Problem description: A verbatim reproduction of the lines below, from the line containing "D11, D12, D21, D22, D31, D32, D41, D42: LED_3mm;" through the line containing "D12.2 (A), JSAO1.1", both ends included, is the whole required output.

*** Material for this task ***

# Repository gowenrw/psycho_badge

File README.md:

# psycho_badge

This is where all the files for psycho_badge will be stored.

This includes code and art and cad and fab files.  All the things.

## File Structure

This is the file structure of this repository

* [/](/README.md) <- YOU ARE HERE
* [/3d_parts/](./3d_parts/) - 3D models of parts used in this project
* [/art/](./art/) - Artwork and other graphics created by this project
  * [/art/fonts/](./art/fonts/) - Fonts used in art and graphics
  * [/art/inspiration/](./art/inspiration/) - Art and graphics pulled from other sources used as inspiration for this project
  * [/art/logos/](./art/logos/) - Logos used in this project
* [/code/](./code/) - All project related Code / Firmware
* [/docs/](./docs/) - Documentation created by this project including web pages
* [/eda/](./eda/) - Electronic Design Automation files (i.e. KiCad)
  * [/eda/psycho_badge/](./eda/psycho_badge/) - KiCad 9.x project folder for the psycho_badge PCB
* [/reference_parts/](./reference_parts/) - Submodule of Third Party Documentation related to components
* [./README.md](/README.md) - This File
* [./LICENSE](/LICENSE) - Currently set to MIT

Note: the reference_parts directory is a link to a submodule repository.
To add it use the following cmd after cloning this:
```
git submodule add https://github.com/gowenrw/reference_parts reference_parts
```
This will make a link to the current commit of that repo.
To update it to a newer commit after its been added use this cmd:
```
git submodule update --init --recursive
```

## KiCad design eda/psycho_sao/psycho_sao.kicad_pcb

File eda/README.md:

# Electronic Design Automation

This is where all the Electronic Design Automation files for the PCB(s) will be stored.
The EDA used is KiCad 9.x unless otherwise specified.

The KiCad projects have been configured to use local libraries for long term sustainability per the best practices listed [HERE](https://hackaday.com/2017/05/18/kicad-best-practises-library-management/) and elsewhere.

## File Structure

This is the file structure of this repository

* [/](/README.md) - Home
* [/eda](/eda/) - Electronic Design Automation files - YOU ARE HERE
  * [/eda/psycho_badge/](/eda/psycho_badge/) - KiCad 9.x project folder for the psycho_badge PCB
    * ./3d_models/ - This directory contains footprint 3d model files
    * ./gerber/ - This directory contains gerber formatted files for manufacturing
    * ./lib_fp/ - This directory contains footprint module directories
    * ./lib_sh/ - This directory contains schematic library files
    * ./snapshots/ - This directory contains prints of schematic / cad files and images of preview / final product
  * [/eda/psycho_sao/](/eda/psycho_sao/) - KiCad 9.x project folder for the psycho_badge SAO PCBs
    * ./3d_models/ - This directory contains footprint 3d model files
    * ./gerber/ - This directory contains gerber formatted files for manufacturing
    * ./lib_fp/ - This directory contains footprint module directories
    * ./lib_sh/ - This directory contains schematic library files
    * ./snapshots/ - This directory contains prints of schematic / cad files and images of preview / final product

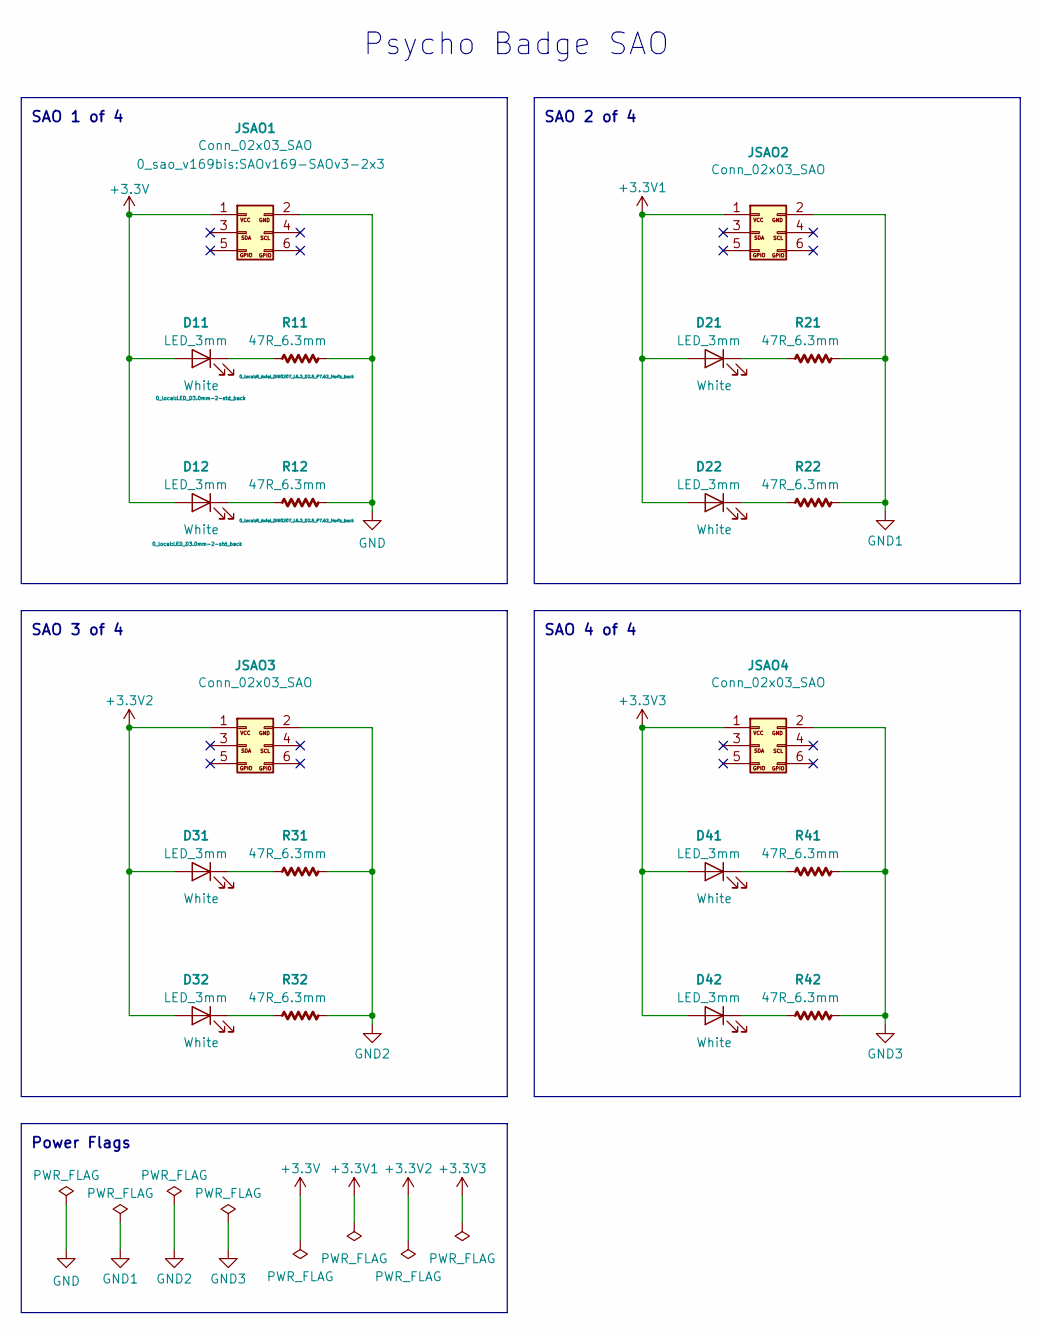
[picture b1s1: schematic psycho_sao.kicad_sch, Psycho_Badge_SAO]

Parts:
D11, D12, D21, D22, D31, D32, D41, D42: LED_3mm; LED_D3.0mm-2-std_back
JSAO1, JSAO2, JSAO3, JSAO4: Conn_02x03_SAO; SAOv169-SAOv3-2x3
R11, R12, R21, R22, R31, R32, R41, R42: 47R_6.3mm; R_Axial_DIN0207_L6.3_D2.5_P7.62_Horiz_back

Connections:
+3.3V: D11.2 (A), D12.2 (A), JSAO1.1
+3.3V1: D21.2 (A), D22.2 (A), JSAO2.1
+3.3V2: D31.2 (A), D32.2 (A), JSAO3.1
+3.3V3: D41.2 (A), D42.2 (A), JSAO4.1
GND: JSAO1.2, R11.2, R12.2
GND1: JSAO2.2, R21.2, R22.2
GND2: JSAO3.2, R31.2, R32.2
GND3: JSAO4.2, R41.2, R42.2
unnamed: D11.1 (K), R11.1
unnamed: D12.1 (K), R12.1
unnamed: D21.1 (K), R21.1
unnamed: D22.1 (K), R22.1
unnamed: D31.1 (K), R31.1
unnamed: D32.1 (K), R32.1
unnamed: D41.1 (K), R41.1
unnamed: D42.1 (K), R42.1

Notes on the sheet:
SAO 1 of 4
SAO 4 of 4
Psycho Badge SAO
Power Flags
SAO 3 of 4
SAO 2 of 4

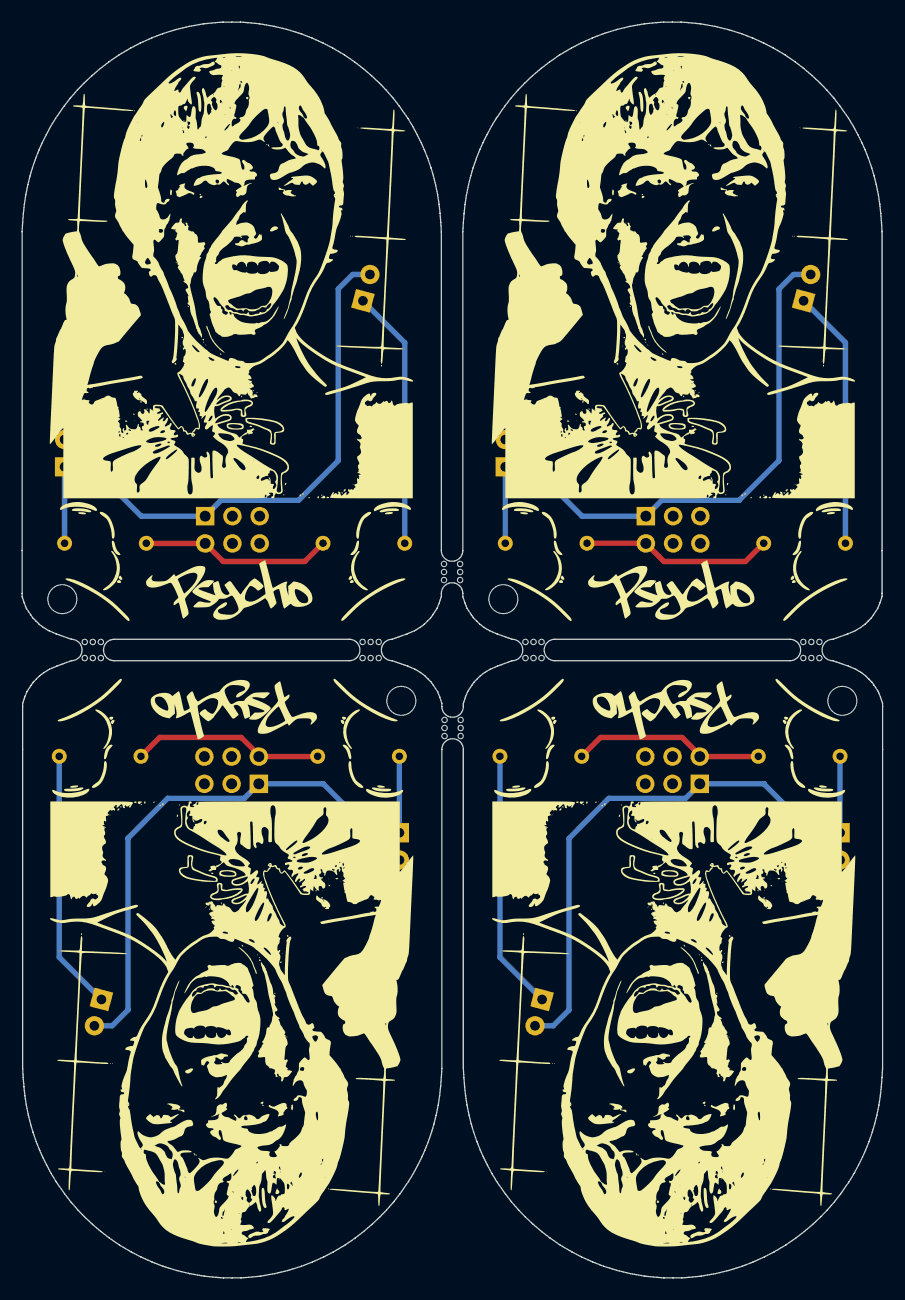
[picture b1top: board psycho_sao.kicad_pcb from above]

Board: 2 copper layers, 80.2 x 117.1 mm, 33 parts (0 on the bottom side), 16 nets.

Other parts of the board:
Fold: LED_Fold_Indicator_1; LED_Fold_Indicator_back
Fold#2, Fold#3, Fold#4, Fold#5, Fold#6, Fold#7, Fold#8: LED_Fold_Indicator_1; LED_Fold_Indicator_back
Psycho_BMask: Psycho_BMask; Scream_Face_B_Mask
Psycho_FCu: Psycho_FCu; Scream_Face_F_Cu
Psycho_FMask: Psycho_FMask; Scream_Face_F_Mask
Psycho_FSilk: Psycho_FSilk; Scream_Face_F_Silk
sao_edgecuts_02: Edge Cuts; SAO_edgecuts_02

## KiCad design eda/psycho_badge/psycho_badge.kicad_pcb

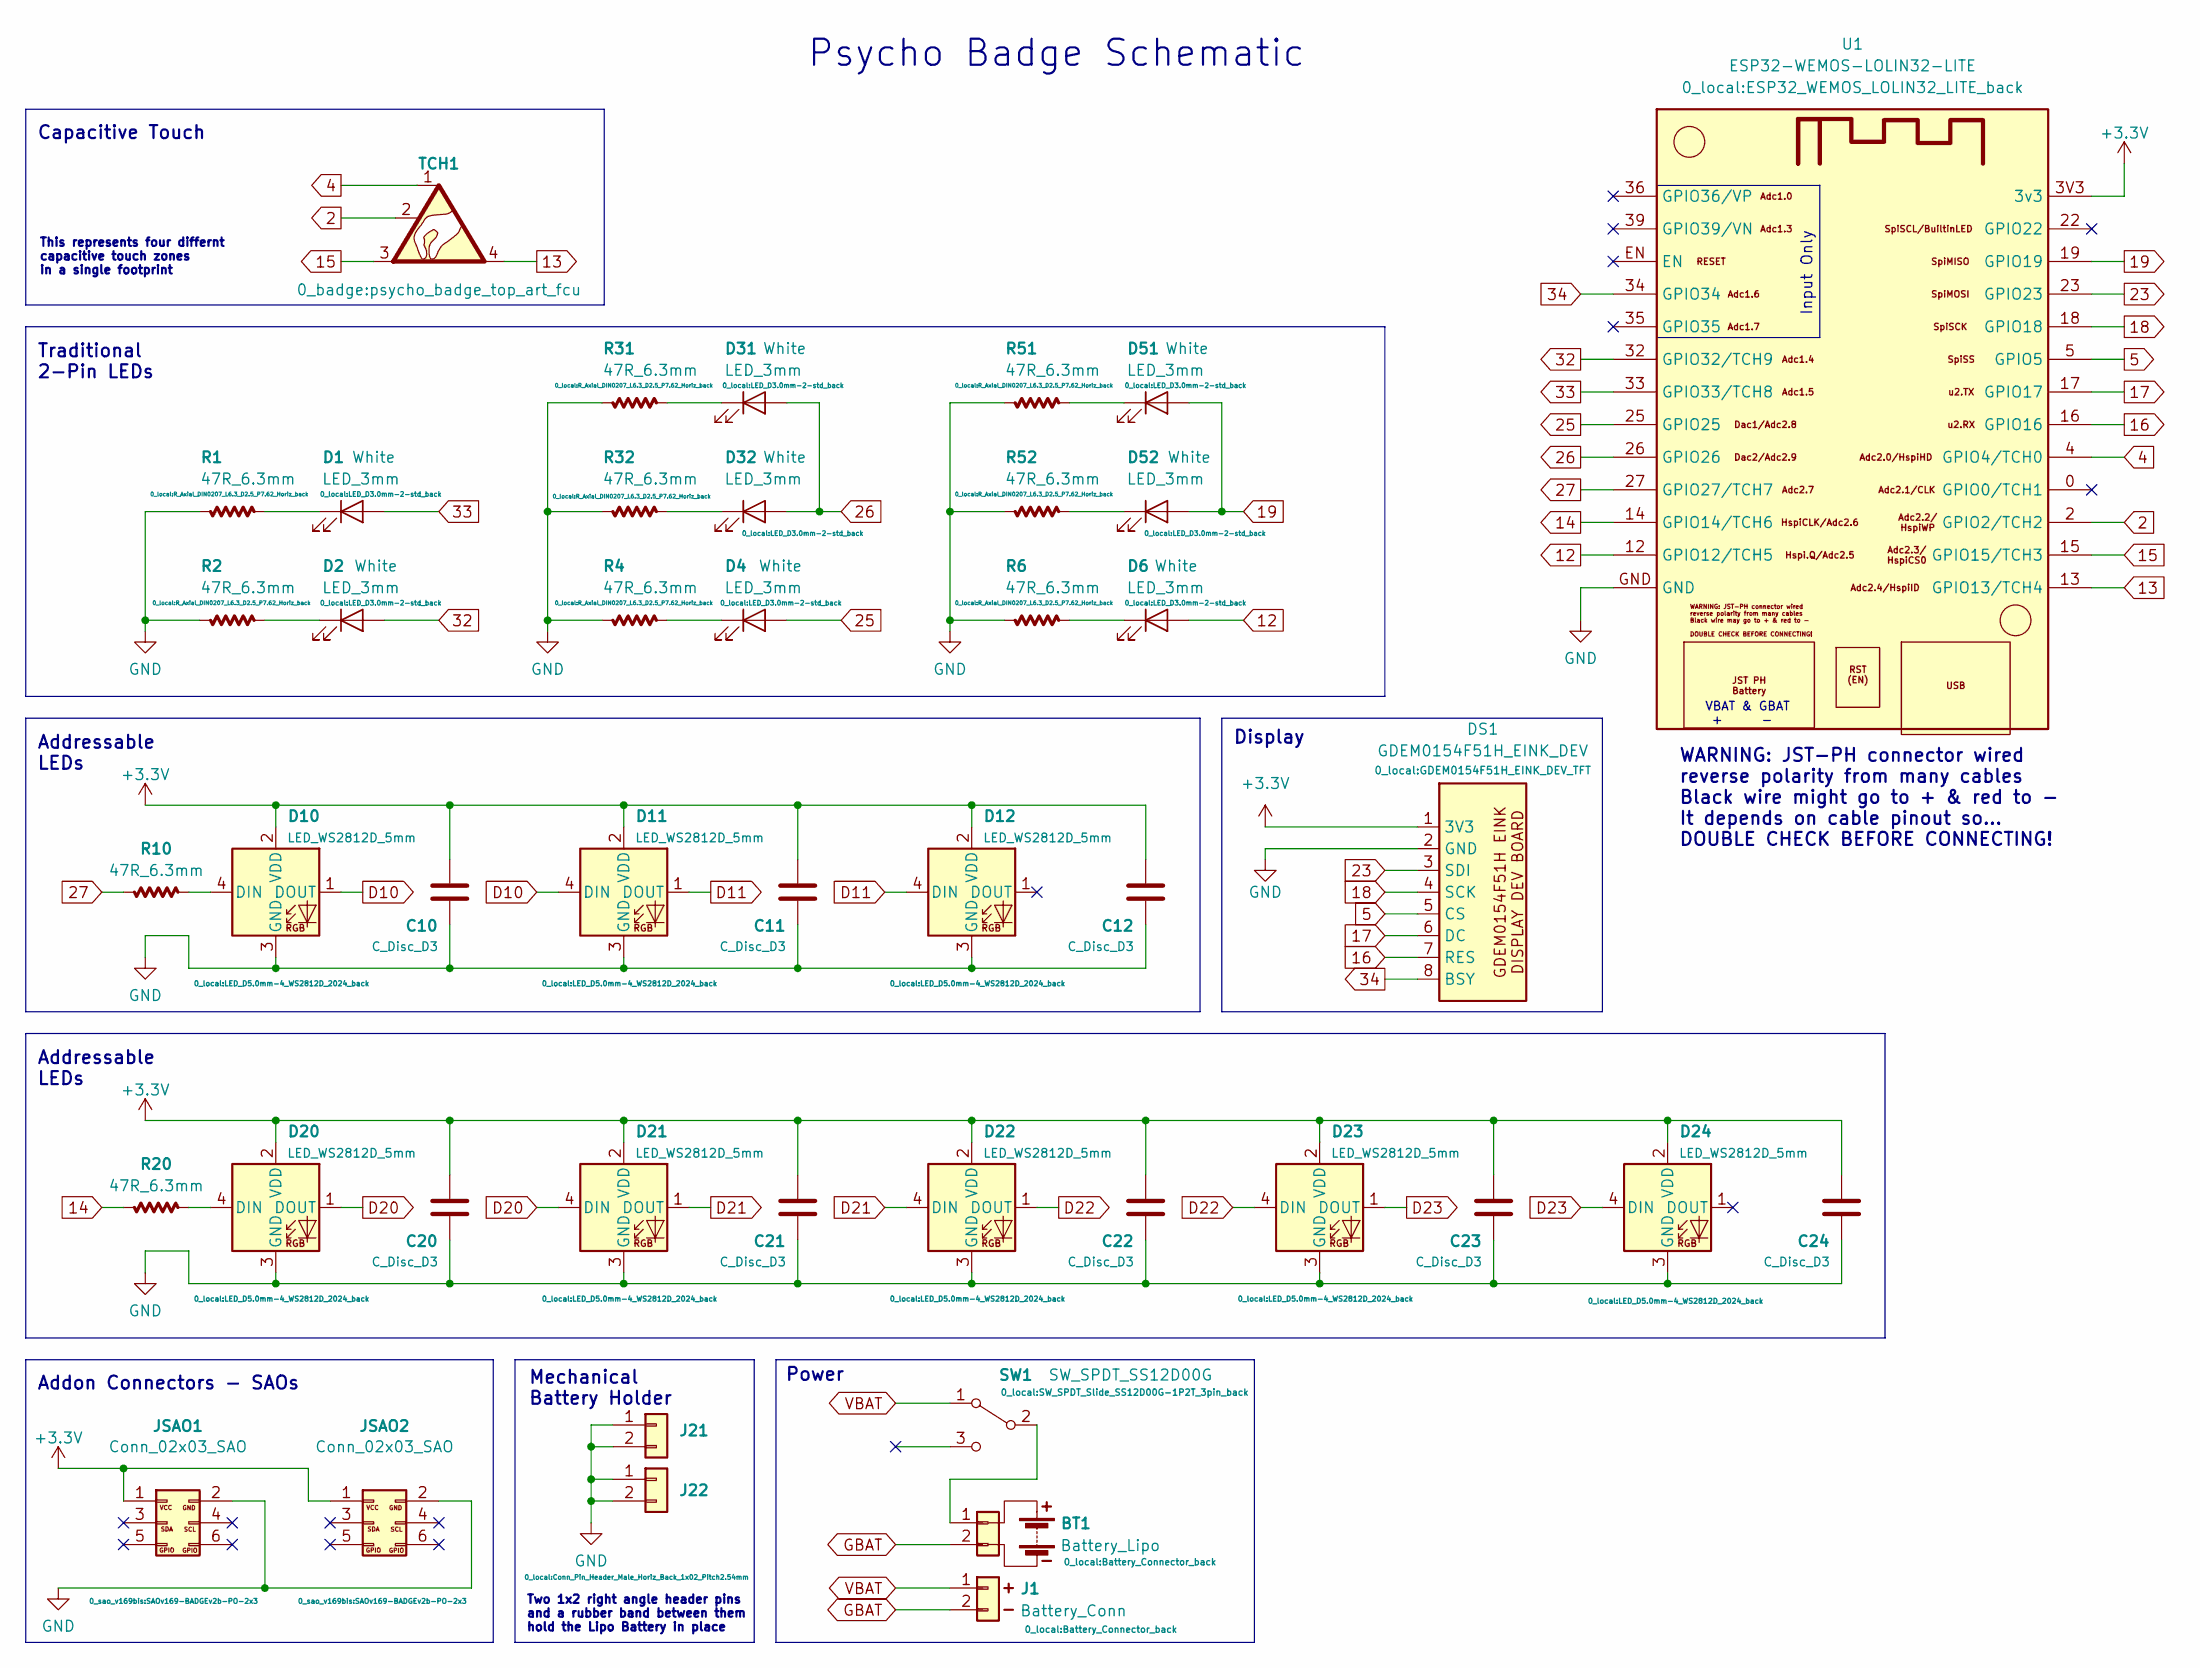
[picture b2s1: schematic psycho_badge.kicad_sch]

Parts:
BT1: Battery_Lipo; Battery_Connector_back
C10, C11, C12, C20, C21, C22, C23, C24: C_Disc_D3; C_Disc_D3_back
D1, D2, D4, D6, D31, D32, D51, D52: LED_3mm; LED_D3.0mm-2-std_back
D10, D11, D12, D20, D21, D22, D23, D24: LED_WS2812D_5mm; LED_D5.0mm-4_WS2812D_2024_back
DS1: GDEM0154F51H_EINK_DEV; GDEM0154F51H_EINK_DEV_TFT
J1: Battery_Conn; Battery_Connector_back
J21, J22: 01x02; Conn_Pin_Header_Male_Horiz_Back_1x02_Pitch2.54mm
JSAO1, JSAO2: Conn_02x03_SAO; SAOv169-BADGEv2b-PO-2x3
R1, R2, R4, R6, R10, R20, R31, R32, R51, R52: 47R_6.3mm; R_Axial_DIN0207_L6.3_D2.5_P7.62_Horiz_back
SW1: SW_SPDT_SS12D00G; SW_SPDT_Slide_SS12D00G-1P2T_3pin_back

*** End of Material for this task ***

Exercise answer:
D11, D12, D21, D22, D31, D32, D41, D42: LED_3mm; LED_D3.0mm-2-std_back
JSAO1, JSAO2, JSAO3, JSAO4: Conn_02x03_SAO; SAOv169-SAOv3-2x3
R11, R12, R21, R22, R31, R32, R41, R42: 47R_6.3mm; R_Axial_DIN0207_L6.3_D2.5_P7.62_Horiz_back

Connections:
+3.3V: D11.2 (A), D12.2 (A), JSAO1.1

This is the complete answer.